# Langgaard



## DenisMarie (Jul 31, 2011)

Who knows about his symphonies ?
Which ones are the best ?
I am just listening to one of them and I am really surprised he is not that famous !


----------



## Sid James (Feb 7, 2009)

There was an older thread on him here -

http://www.talkclassical.com/4901-rued-langgaard.html

I have heard a number of his symphonies on youtube. I am not a fan but I think his _Music of the Spheres _is a work that I enjoyed more than any of the symphonies I came across.

BTW, welcome to the forum, always good to see new members, hope you stick around...


----------



## violadude (May 2, 2011)

DenisMarie said:


> Who knows about his symphonies ?
> Which ones are the best ?
> I am just listening to one of them and I am really surprised he is not that famous !

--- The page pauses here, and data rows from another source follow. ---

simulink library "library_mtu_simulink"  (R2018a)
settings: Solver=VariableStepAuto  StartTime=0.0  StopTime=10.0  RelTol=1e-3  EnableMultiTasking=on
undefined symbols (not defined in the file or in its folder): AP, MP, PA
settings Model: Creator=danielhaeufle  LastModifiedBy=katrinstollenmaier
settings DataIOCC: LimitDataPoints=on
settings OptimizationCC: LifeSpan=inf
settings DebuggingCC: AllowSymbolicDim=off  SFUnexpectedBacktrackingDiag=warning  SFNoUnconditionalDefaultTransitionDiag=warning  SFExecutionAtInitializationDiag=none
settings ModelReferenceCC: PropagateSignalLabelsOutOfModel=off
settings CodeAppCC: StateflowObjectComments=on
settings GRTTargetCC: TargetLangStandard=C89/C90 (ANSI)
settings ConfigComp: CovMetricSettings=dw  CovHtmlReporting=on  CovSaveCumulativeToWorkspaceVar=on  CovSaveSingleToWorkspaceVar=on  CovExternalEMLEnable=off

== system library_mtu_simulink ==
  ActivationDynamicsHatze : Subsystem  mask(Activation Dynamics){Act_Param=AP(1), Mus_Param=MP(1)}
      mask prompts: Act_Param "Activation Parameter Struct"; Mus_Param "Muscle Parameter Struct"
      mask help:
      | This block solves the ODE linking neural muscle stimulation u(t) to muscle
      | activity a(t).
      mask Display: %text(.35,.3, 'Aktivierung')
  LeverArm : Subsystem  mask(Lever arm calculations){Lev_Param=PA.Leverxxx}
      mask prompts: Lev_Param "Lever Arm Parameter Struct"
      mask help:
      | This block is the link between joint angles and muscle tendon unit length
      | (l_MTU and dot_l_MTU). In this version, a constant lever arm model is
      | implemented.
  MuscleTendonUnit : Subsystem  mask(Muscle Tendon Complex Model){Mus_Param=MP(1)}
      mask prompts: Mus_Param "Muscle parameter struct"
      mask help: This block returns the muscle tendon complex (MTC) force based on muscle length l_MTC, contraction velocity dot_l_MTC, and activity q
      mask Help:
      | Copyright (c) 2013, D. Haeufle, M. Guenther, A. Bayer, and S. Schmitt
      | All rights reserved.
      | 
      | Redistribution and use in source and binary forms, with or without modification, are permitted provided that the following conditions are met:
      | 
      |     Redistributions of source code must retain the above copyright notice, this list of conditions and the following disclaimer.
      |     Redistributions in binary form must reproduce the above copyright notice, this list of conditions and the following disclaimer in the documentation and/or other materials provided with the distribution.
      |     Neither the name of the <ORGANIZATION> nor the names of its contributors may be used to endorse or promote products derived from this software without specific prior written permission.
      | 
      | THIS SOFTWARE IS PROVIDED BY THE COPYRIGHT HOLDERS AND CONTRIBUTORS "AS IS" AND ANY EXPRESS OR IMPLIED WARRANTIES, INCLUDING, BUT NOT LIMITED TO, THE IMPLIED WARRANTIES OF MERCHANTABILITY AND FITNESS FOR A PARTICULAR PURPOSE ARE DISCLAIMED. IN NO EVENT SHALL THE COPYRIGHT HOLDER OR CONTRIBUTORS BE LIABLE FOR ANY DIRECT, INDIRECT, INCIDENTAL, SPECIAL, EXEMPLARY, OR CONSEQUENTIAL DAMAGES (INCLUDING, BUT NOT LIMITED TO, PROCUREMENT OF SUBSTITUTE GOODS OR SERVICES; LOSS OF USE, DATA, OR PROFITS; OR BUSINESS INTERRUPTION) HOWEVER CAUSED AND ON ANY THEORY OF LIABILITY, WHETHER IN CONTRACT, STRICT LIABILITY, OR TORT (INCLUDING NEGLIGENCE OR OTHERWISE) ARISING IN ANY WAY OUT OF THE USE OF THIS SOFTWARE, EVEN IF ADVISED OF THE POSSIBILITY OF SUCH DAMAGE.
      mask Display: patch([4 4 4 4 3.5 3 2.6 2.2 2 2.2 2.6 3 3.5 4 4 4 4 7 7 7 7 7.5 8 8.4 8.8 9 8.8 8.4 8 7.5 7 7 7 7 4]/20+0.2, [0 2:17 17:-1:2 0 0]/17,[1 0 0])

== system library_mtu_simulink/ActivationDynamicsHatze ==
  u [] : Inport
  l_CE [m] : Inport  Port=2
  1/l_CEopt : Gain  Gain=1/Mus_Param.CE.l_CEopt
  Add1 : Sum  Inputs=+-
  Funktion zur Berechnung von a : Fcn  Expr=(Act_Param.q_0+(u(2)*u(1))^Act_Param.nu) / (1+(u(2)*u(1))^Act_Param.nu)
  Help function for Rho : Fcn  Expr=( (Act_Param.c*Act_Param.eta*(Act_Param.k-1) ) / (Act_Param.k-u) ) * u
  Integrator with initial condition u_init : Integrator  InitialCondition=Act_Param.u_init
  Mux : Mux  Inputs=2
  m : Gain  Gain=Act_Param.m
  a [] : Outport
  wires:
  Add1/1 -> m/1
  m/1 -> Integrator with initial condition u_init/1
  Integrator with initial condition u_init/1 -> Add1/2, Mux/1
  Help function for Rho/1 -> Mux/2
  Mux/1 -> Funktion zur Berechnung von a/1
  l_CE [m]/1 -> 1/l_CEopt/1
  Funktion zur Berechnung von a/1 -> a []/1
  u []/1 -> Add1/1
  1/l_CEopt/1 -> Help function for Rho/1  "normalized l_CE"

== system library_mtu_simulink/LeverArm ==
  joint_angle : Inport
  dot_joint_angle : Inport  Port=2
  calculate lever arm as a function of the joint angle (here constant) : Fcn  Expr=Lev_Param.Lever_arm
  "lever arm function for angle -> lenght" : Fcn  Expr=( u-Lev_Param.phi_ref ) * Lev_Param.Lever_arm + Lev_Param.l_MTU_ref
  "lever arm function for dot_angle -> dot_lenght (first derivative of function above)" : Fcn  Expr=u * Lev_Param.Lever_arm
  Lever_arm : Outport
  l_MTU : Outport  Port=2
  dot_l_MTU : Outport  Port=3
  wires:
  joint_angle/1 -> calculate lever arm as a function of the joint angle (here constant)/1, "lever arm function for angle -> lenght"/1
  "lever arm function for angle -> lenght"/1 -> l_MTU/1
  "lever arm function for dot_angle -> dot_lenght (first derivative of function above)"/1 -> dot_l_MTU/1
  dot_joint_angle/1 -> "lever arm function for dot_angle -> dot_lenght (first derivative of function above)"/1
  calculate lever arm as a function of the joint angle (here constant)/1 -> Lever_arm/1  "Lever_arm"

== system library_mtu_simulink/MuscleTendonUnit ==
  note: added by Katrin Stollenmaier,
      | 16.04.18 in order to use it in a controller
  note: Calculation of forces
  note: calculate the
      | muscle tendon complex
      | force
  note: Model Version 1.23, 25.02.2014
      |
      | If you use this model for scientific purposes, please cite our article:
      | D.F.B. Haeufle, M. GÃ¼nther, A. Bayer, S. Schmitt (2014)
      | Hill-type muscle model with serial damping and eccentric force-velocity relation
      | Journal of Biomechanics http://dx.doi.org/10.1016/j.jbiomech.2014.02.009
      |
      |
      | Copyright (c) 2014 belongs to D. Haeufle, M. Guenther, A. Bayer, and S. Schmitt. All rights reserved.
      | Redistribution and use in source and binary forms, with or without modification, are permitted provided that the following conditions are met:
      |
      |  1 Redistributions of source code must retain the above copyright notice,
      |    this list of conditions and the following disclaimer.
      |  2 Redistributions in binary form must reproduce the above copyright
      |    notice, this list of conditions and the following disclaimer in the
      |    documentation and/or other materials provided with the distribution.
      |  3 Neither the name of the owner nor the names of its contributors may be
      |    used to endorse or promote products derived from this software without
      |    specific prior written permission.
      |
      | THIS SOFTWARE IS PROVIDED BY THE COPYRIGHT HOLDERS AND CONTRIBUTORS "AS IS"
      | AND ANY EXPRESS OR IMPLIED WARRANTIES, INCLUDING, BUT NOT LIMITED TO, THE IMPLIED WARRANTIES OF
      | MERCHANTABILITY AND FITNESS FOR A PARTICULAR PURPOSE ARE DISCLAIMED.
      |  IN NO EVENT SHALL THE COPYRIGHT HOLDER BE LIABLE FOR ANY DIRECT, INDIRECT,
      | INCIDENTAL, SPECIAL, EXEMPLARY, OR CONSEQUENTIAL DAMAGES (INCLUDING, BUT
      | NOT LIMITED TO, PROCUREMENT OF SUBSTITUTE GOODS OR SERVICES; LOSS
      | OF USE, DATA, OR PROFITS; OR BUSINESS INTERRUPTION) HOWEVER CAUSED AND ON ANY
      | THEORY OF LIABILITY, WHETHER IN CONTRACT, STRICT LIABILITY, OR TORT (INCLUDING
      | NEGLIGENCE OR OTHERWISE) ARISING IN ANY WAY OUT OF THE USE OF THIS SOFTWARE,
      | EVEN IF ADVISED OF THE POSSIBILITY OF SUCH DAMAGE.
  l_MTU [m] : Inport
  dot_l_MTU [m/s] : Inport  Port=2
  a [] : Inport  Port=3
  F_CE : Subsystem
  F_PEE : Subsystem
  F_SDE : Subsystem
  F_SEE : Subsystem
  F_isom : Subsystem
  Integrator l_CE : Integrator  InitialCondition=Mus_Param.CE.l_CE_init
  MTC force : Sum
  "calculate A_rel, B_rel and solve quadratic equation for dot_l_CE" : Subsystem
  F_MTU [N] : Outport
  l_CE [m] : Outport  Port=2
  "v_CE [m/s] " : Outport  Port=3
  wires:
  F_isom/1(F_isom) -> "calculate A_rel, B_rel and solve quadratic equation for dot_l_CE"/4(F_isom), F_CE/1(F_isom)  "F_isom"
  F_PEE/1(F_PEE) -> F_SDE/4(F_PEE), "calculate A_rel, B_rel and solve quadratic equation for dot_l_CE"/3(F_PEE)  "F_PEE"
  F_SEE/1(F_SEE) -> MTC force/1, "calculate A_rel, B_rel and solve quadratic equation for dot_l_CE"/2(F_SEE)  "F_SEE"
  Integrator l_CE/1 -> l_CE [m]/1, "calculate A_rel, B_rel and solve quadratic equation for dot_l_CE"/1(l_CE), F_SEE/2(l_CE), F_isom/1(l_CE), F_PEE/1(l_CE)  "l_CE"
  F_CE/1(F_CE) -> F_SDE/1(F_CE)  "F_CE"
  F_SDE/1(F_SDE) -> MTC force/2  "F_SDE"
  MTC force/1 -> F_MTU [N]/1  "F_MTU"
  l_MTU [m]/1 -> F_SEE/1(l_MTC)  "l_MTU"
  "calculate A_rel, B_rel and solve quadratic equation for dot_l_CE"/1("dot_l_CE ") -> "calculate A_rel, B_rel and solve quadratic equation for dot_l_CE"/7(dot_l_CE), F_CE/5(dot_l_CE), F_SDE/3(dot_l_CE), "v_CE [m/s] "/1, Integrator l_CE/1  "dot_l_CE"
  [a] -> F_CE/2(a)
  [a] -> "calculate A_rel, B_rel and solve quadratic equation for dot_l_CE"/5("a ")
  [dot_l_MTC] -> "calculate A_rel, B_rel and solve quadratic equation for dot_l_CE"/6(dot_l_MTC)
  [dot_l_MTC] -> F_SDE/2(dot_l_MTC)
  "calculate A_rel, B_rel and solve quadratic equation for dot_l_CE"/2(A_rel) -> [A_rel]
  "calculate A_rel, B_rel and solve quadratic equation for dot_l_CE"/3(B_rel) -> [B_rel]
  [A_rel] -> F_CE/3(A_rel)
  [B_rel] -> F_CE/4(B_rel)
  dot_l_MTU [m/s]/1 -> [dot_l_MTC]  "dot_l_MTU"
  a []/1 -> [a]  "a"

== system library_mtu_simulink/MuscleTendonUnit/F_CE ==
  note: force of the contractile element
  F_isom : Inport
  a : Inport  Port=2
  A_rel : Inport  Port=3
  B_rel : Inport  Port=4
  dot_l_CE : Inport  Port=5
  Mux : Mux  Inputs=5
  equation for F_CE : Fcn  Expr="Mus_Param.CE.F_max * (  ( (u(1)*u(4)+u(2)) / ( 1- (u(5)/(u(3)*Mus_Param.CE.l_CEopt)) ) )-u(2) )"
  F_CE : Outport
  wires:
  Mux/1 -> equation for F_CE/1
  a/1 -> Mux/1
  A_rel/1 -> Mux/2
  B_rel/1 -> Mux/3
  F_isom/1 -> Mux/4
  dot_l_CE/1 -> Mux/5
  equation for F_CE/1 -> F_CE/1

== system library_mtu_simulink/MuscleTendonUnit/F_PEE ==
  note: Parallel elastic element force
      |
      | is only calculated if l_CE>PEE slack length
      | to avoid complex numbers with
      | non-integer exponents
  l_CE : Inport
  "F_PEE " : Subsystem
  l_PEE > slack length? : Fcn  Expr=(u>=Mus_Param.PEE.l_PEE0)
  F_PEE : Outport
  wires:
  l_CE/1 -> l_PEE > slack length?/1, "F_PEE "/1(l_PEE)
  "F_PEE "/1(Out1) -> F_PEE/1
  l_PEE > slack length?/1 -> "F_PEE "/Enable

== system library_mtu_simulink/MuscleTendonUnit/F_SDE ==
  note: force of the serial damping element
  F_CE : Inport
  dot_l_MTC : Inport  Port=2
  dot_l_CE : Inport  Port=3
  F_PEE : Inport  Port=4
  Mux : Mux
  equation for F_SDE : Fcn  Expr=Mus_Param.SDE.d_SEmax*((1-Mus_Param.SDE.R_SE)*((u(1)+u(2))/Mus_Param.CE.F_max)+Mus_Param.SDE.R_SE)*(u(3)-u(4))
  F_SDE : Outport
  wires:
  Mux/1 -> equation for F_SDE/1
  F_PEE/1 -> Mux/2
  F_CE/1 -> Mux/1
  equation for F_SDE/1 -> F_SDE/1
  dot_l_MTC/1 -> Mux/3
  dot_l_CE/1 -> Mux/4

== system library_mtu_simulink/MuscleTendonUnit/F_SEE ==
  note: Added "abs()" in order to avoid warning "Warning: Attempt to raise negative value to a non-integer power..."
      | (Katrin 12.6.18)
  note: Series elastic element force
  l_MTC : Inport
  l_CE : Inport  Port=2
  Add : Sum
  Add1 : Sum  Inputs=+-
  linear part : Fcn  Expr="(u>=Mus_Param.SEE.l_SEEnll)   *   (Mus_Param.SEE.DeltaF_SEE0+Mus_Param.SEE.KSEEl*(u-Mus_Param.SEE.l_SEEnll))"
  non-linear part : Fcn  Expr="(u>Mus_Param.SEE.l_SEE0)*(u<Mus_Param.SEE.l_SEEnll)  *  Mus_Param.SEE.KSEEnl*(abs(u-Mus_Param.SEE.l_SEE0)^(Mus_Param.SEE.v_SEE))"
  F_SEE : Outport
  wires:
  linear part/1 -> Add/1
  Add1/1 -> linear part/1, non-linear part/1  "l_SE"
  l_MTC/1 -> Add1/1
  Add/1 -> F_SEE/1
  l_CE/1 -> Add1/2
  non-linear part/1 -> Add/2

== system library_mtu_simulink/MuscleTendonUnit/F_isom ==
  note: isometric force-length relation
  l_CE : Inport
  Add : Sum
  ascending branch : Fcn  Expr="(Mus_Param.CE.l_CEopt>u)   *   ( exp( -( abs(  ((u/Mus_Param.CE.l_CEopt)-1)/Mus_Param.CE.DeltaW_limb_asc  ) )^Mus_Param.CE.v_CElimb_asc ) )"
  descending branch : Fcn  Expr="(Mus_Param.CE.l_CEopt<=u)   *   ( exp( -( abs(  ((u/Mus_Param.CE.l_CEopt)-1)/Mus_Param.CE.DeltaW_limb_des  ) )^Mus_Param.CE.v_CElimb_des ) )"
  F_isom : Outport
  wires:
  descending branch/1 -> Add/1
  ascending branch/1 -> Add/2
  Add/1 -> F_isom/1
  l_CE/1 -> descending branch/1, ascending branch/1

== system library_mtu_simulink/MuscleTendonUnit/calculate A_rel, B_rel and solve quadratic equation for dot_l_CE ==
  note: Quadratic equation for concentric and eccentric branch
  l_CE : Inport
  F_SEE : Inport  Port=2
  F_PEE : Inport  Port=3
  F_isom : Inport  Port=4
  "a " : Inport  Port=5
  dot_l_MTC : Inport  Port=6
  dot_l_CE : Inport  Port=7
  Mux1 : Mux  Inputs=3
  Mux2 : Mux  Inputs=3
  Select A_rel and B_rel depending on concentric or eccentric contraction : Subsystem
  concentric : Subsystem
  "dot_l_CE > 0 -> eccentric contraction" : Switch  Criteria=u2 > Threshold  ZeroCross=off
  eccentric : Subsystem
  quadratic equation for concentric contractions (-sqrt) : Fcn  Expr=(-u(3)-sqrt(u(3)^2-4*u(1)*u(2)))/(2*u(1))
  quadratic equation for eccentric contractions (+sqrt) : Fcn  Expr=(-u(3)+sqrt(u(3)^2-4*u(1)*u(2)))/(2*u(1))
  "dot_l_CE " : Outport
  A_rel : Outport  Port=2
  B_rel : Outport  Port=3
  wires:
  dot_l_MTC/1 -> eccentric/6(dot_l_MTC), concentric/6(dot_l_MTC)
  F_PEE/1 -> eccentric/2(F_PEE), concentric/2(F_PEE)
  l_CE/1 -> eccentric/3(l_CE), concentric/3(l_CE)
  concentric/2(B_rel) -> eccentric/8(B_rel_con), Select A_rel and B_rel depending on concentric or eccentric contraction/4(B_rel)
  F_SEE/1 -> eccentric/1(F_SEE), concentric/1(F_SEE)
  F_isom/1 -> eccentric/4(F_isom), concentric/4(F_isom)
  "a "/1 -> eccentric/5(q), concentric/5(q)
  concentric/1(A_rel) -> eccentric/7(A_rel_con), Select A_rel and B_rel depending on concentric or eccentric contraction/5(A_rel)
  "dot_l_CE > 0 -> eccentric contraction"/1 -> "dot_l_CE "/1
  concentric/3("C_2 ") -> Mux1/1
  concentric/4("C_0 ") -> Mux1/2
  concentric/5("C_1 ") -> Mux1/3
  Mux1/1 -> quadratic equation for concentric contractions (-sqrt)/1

Which one did you listen to? I heard the first and was surprised he wasn't famous as well...then I heard the other ones....


----------



## NightHawk (Nov 3, 2011)

Hey Violadude...I got the Langgaard and am listening to No. 5 Version II right now which I think is very good. I also like No. 1, though the 4th of 5 movements could've been dropped and it would have been even more cogent. So far I am enjoying 1 and 4, 5a and 5b - all have some staggering writing, and I like the proto-minimal aspect of some his sections. The finale of 5b is very like Sibelius I in places, esp the pizzicatos in the last few bars. Nos. 2 and 3 I didn't care for at all (2 with soprano, 3 w piano and choir). I was surprised to learn he worked on the 1st between the ages of 15-18! I'm expecting oddities around every corner, but I am glad I bought the set, so am relieved. Listen to 4 and 5a&b again sometime and let me know what you think. best. nh

postscript: I asked in another thread 'which are the best of the Hindemith viola sonatas?



violadude said:


> Which one did you listen to? I heard the first and was surprised he wasn't famous as well...then I heard the other ones....


----------



## violadude (May 2, 2011)

NightHawk said:


> Hey Violadude...I got the Langgaard and am listening to No. 5 Version II right now which I think is very good. I also like No. 1, though the 4th of 5 movements could've been dropped and it would have been even more cogent. So far I am enjoying 1 and 4, 5a and 5b - all have some staggering writing, and I like the proto-minimal aspect of some his sections. The finale of 5b is very like Sibelius I in places, esp the pizzicatos in the last few bars. Nos. 2 and 3 I didn't care for at all (2 with soprano, 3 w piano and choir). I was surprised to learn he worked on the 1st between the ages of 15-18! I'm expecting oddities around every corner, but I am glad I bought the set, so am relieved. Listen to 4 and 5a&b again sometime and let me know what you think. best. nh
> 
> postscript: I asked in another thread 'which are the best of the Hindemith viola sonatas?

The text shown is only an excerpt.